All this sounds quite a way from
the stereotypes of planespotting being a hobby for loners in anoraks. I ask
both men what they think of this stereotype. Colm says he’s aware of the
“anorak” stereotype but can’t see what is strange about a hobby that is not
that different from many others when you think of it “lots of people like
looking at things, cars, trains, or soccer matches. We just like looking at
planes”. Niall, when asked, laughs and says “listen, if you want weird, there
are guys out there who stand out along the road and take down the registration
of buses.
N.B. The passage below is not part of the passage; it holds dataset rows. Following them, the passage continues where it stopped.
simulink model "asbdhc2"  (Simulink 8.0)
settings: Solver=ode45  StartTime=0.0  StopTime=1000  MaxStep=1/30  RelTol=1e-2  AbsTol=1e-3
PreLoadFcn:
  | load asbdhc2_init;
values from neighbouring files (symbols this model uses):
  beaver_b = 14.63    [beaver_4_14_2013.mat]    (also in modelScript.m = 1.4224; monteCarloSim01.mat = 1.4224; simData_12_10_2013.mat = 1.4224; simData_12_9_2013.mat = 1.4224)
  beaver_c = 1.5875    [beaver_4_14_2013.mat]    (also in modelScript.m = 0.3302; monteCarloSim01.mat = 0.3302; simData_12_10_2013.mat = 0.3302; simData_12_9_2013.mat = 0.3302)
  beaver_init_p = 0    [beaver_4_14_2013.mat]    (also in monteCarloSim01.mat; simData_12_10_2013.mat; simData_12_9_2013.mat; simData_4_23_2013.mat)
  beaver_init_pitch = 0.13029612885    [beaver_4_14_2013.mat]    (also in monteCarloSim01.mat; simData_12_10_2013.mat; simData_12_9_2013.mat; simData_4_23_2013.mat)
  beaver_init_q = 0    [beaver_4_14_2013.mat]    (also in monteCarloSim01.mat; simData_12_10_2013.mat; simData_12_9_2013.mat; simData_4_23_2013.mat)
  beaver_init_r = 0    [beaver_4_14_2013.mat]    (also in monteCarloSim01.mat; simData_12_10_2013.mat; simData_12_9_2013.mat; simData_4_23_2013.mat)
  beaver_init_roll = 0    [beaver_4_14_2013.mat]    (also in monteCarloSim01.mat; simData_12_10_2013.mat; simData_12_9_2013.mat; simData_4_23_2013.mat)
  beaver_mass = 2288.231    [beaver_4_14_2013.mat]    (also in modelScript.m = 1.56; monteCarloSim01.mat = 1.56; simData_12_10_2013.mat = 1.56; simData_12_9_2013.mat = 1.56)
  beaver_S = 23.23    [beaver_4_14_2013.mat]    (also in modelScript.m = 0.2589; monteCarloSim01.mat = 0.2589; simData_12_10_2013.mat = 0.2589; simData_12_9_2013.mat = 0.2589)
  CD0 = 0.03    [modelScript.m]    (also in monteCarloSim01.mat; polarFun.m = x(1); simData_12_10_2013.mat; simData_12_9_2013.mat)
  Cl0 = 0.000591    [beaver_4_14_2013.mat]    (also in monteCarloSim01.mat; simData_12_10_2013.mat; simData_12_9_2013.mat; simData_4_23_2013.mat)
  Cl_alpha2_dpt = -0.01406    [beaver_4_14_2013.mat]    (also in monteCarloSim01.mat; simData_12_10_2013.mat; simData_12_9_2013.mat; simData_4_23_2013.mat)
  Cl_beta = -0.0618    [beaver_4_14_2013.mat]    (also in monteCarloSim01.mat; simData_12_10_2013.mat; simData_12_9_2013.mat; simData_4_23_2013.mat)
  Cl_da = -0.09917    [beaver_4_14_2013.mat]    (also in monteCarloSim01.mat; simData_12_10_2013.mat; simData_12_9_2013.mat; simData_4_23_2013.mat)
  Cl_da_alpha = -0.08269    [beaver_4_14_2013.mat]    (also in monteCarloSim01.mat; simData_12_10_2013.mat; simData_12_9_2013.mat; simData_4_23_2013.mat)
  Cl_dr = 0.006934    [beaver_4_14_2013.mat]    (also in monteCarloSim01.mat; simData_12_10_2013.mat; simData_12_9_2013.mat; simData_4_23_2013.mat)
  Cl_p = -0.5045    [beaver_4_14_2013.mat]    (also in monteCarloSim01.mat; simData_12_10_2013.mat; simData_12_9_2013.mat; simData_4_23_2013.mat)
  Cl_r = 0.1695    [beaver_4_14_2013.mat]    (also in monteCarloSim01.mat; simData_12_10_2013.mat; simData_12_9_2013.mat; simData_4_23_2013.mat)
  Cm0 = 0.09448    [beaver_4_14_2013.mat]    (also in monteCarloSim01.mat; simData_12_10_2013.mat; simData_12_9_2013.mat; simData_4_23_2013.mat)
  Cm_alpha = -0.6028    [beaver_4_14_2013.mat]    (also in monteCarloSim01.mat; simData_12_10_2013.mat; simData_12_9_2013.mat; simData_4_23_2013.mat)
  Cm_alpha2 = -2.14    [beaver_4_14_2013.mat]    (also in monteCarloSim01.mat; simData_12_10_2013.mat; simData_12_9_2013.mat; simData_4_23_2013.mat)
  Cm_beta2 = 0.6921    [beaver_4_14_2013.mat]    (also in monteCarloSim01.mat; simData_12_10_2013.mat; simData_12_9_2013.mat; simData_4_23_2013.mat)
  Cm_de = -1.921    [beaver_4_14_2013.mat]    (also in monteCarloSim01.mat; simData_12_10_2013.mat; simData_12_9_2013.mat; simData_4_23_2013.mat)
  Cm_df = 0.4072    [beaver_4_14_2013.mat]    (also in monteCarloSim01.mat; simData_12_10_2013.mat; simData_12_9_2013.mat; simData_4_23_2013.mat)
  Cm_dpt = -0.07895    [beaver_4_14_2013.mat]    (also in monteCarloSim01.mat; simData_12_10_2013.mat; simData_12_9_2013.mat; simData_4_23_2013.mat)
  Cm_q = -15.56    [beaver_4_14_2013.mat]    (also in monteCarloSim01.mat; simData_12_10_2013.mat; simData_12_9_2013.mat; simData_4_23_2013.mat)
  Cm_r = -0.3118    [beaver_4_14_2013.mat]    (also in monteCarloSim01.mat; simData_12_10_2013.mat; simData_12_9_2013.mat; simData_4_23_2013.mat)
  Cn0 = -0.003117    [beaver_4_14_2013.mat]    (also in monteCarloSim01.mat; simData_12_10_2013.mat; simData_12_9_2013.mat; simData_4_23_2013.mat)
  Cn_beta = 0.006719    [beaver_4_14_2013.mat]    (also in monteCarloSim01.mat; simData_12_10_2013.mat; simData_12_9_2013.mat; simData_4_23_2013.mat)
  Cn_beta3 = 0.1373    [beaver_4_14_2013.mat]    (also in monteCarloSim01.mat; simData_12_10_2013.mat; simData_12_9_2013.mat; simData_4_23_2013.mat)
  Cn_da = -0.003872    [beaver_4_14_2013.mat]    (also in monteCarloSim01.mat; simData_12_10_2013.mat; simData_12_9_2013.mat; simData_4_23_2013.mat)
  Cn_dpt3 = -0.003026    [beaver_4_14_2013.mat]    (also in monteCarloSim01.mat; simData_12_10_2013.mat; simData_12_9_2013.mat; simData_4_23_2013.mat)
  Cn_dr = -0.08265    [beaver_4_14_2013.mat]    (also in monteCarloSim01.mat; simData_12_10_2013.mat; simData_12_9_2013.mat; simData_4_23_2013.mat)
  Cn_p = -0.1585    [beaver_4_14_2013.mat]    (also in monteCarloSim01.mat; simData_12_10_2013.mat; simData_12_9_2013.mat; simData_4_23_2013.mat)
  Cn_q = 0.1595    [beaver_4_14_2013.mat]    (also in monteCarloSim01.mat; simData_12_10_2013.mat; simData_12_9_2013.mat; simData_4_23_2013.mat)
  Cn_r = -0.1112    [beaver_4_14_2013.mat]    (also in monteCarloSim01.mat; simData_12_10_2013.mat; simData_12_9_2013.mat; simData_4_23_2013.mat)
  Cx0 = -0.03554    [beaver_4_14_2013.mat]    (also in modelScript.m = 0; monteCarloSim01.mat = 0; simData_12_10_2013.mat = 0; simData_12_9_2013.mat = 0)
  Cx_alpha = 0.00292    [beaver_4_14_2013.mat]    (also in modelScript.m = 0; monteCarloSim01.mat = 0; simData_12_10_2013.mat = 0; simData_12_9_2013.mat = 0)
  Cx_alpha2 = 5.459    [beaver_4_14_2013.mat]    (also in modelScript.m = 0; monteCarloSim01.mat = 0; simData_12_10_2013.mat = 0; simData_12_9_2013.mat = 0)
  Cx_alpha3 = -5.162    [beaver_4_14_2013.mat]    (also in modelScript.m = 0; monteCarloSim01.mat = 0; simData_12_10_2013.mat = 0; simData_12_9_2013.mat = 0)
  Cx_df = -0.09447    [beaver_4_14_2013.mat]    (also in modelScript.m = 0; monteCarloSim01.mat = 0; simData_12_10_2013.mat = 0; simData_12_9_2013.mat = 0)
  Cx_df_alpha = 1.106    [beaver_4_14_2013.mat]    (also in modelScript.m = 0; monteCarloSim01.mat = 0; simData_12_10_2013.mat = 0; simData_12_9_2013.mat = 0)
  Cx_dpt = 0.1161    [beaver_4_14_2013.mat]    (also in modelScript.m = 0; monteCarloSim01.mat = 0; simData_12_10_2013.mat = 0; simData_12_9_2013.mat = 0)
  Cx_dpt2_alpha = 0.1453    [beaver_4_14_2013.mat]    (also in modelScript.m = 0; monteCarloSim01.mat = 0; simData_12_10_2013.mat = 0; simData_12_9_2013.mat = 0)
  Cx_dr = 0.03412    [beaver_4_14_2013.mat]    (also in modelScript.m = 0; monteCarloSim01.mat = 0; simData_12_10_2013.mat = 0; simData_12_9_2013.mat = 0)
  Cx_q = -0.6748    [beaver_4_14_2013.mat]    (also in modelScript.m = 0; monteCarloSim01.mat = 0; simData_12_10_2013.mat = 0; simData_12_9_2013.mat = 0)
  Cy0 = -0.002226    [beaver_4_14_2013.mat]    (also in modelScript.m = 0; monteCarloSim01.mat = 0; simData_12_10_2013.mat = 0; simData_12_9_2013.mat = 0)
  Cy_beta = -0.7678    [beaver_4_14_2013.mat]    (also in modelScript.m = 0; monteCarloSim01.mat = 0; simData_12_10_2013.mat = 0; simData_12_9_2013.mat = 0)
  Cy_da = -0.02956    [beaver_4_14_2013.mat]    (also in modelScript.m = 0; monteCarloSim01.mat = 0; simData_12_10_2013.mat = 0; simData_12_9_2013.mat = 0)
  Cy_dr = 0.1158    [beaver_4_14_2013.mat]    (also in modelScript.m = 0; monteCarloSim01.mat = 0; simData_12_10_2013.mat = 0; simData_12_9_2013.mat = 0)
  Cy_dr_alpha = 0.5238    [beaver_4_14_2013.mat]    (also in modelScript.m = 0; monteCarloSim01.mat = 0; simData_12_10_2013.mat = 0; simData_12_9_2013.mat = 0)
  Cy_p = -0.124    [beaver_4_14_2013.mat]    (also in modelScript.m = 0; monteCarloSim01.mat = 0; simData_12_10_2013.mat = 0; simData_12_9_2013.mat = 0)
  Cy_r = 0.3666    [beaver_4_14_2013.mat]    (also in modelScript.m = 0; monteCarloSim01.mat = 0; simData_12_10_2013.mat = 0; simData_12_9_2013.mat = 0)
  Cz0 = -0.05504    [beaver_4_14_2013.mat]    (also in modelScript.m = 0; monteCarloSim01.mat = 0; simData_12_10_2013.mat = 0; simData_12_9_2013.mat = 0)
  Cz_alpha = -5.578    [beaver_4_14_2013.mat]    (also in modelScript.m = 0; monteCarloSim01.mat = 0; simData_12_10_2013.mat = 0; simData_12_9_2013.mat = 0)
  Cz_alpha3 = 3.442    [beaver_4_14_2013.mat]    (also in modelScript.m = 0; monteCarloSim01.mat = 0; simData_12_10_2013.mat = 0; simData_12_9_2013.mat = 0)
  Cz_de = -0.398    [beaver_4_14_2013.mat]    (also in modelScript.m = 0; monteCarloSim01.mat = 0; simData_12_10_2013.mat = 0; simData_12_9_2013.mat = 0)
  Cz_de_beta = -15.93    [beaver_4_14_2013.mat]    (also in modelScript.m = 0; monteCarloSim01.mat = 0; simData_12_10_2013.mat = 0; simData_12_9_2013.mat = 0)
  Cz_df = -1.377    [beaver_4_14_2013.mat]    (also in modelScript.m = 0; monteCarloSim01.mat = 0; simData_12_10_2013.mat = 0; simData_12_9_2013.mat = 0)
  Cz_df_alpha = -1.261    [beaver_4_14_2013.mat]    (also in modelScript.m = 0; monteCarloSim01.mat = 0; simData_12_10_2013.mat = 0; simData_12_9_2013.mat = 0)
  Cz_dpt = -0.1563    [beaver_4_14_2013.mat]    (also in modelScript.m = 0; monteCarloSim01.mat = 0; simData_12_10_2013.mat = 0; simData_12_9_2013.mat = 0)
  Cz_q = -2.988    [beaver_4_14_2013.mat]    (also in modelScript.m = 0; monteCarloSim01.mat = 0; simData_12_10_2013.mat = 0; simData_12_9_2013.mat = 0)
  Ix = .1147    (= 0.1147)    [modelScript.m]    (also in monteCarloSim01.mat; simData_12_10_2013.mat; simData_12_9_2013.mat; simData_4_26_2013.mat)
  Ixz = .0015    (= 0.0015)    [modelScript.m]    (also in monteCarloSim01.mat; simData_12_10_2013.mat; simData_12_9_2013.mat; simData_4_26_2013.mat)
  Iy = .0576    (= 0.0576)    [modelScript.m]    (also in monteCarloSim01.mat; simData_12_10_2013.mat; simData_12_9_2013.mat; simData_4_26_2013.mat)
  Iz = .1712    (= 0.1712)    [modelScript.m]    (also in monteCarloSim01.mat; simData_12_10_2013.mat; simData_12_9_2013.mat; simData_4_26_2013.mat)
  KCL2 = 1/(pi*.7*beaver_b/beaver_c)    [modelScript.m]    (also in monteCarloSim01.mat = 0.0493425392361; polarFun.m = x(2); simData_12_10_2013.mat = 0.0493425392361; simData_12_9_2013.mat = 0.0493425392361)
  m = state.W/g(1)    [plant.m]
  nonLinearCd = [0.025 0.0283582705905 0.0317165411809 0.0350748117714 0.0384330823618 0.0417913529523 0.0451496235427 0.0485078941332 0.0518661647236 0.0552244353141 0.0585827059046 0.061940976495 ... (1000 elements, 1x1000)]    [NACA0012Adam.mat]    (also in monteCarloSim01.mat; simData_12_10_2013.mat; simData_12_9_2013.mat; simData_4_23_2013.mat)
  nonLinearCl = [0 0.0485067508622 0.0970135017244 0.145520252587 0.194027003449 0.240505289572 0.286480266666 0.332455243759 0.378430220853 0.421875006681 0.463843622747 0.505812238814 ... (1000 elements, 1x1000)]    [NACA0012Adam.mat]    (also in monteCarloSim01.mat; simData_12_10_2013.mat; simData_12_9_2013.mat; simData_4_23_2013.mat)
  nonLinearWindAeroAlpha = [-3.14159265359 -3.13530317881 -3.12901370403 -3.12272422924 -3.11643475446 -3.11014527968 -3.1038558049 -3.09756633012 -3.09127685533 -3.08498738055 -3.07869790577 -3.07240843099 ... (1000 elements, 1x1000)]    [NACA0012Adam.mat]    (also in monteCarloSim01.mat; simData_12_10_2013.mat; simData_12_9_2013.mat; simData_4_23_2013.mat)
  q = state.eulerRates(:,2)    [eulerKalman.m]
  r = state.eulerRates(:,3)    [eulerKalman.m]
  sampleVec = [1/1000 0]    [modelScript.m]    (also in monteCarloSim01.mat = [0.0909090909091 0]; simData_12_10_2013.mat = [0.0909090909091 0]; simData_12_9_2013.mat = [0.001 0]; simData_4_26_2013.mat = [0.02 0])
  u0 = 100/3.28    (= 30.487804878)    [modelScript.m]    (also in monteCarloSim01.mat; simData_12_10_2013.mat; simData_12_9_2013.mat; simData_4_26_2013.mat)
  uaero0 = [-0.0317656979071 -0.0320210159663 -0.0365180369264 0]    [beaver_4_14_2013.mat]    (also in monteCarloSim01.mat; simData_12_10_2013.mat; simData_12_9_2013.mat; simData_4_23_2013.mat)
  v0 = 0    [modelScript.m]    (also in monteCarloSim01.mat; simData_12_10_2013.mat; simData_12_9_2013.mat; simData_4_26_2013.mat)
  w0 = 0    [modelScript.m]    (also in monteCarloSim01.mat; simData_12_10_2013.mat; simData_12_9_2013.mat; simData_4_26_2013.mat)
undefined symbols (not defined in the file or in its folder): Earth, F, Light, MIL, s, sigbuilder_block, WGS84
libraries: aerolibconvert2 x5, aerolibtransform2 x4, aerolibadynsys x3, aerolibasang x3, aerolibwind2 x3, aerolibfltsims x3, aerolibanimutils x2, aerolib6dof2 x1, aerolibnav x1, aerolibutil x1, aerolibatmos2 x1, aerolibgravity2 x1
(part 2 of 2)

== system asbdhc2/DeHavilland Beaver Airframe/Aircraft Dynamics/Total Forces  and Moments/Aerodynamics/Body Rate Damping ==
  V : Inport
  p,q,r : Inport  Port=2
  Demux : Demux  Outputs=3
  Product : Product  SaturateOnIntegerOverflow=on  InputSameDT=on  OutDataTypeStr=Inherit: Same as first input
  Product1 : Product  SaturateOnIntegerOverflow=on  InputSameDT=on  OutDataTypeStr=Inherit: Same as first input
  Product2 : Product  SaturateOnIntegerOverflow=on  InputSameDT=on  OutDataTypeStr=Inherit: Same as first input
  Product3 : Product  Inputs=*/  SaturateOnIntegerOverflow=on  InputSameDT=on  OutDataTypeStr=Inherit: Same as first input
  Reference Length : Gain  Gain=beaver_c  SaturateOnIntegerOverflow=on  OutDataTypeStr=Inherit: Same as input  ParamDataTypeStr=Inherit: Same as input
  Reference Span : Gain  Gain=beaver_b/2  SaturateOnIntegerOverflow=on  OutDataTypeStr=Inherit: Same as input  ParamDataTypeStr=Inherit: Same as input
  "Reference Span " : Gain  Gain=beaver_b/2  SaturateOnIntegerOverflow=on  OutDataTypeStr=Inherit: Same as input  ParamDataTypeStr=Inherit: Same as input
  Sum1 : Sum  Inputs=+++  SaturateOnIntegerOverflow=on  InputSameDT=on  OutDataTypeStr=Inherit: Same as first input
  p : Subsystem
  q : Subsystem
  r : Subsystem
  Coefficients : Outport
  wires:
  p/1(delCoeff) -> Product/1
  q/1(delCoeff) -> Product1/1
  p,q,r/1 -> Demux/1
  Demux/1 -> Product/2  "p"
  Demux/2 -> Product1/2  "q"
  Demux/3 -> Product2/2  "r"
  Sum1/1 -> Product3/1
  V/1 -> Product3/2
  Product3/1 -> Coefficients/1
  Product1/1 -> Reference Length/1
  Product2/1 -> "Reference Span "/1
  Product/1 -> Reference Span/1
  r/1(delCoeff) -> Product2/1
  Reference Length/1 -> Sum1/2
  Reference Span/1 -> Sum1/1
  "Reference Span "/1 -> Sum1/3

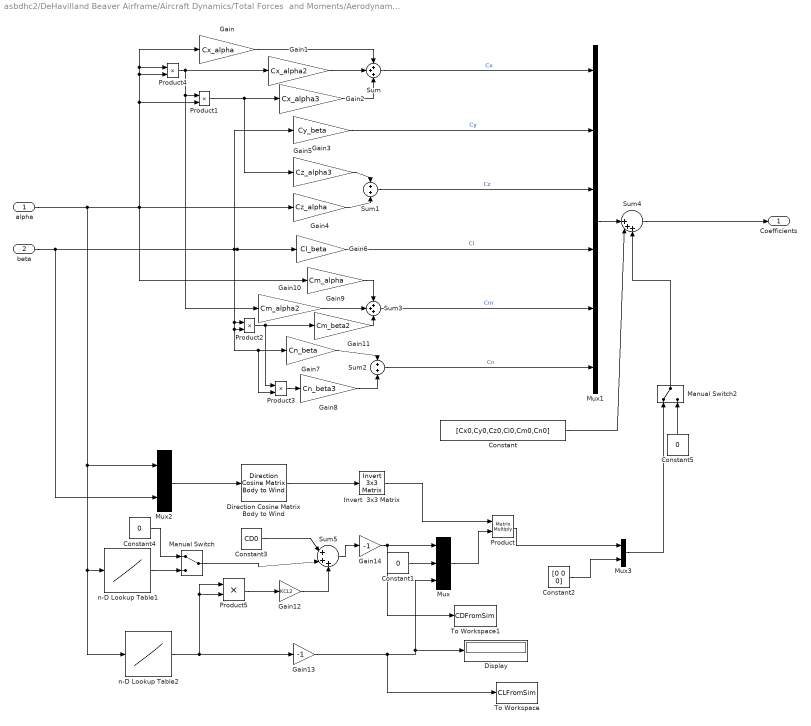
== system asbdhc2/DeHavilland Beaver Airframe/Aircraft Dynamics/Total Forces  and Moments/Aerodynamics/Datum Coefficients ==
  alpha : Inport
  beta : Inport  Port=2
  Constant : Constant  Value=[Cx0,Cy0,Cz0,Cl0,Cm0,Cn0]
  Constant1 : Constant  Value=0
  Constant2 : Constant  Value=[0 0 0]
  Constant3 : Constant  Value=CD0
  Constant4 : Constant  Value=0
  Constant5 : Constant  Value=0
  Direction Cosine Matrix Body to Wind : aerolibtransform2/Direction Cosine Matrix Body to Wind
  Display : Display
  Gain : Gain  Gain=Cx_alpha  SaturateOnIntegerOverflow=on  OutDataTypeStr=Inherit: Same as input  ParamDataTypeStr=Inherit: Same as input
  Gain1 : Gain  Gain=Cx_alpha2  SaturateOnIntegerOverflow=on  OutDataTypeStr=Inherit: Same as input  ParamDataTypeStr=Inherit: Same as input
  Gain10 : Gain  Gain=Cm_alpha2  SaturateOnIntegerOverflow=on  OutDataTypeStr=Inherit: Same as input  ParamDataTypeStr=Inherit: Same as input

Look, for every weird hobby there is one weirder”. I make a
surreptitious note – potential Totally Dublin article.
Most
people (if they don’t live near airports, that is) are used to seeing planes in
their natural habitat, where they appear very small, sometimes so small that
you can only see the vapour trails they leave. As I’ve already mentioned, and
as any planespotter will tell you, this is no way to see a plane. Up close,
they are marvellous. They are like huge toys - shiny, noisy, and best of all, capable
of flying. That is why if you visit the layby behind Dublin airport to see the
planes, you will notice not only the faces of children in cars filled with
simple glee, but the faces of their parents filled with it too. And I strongly
recommend that you do visit, because it is one of the best free shows in
Dublin. Bring a packed lunch and a flask of something to drink and remember to
say hello to the planespotters. They’re an interesting bunch.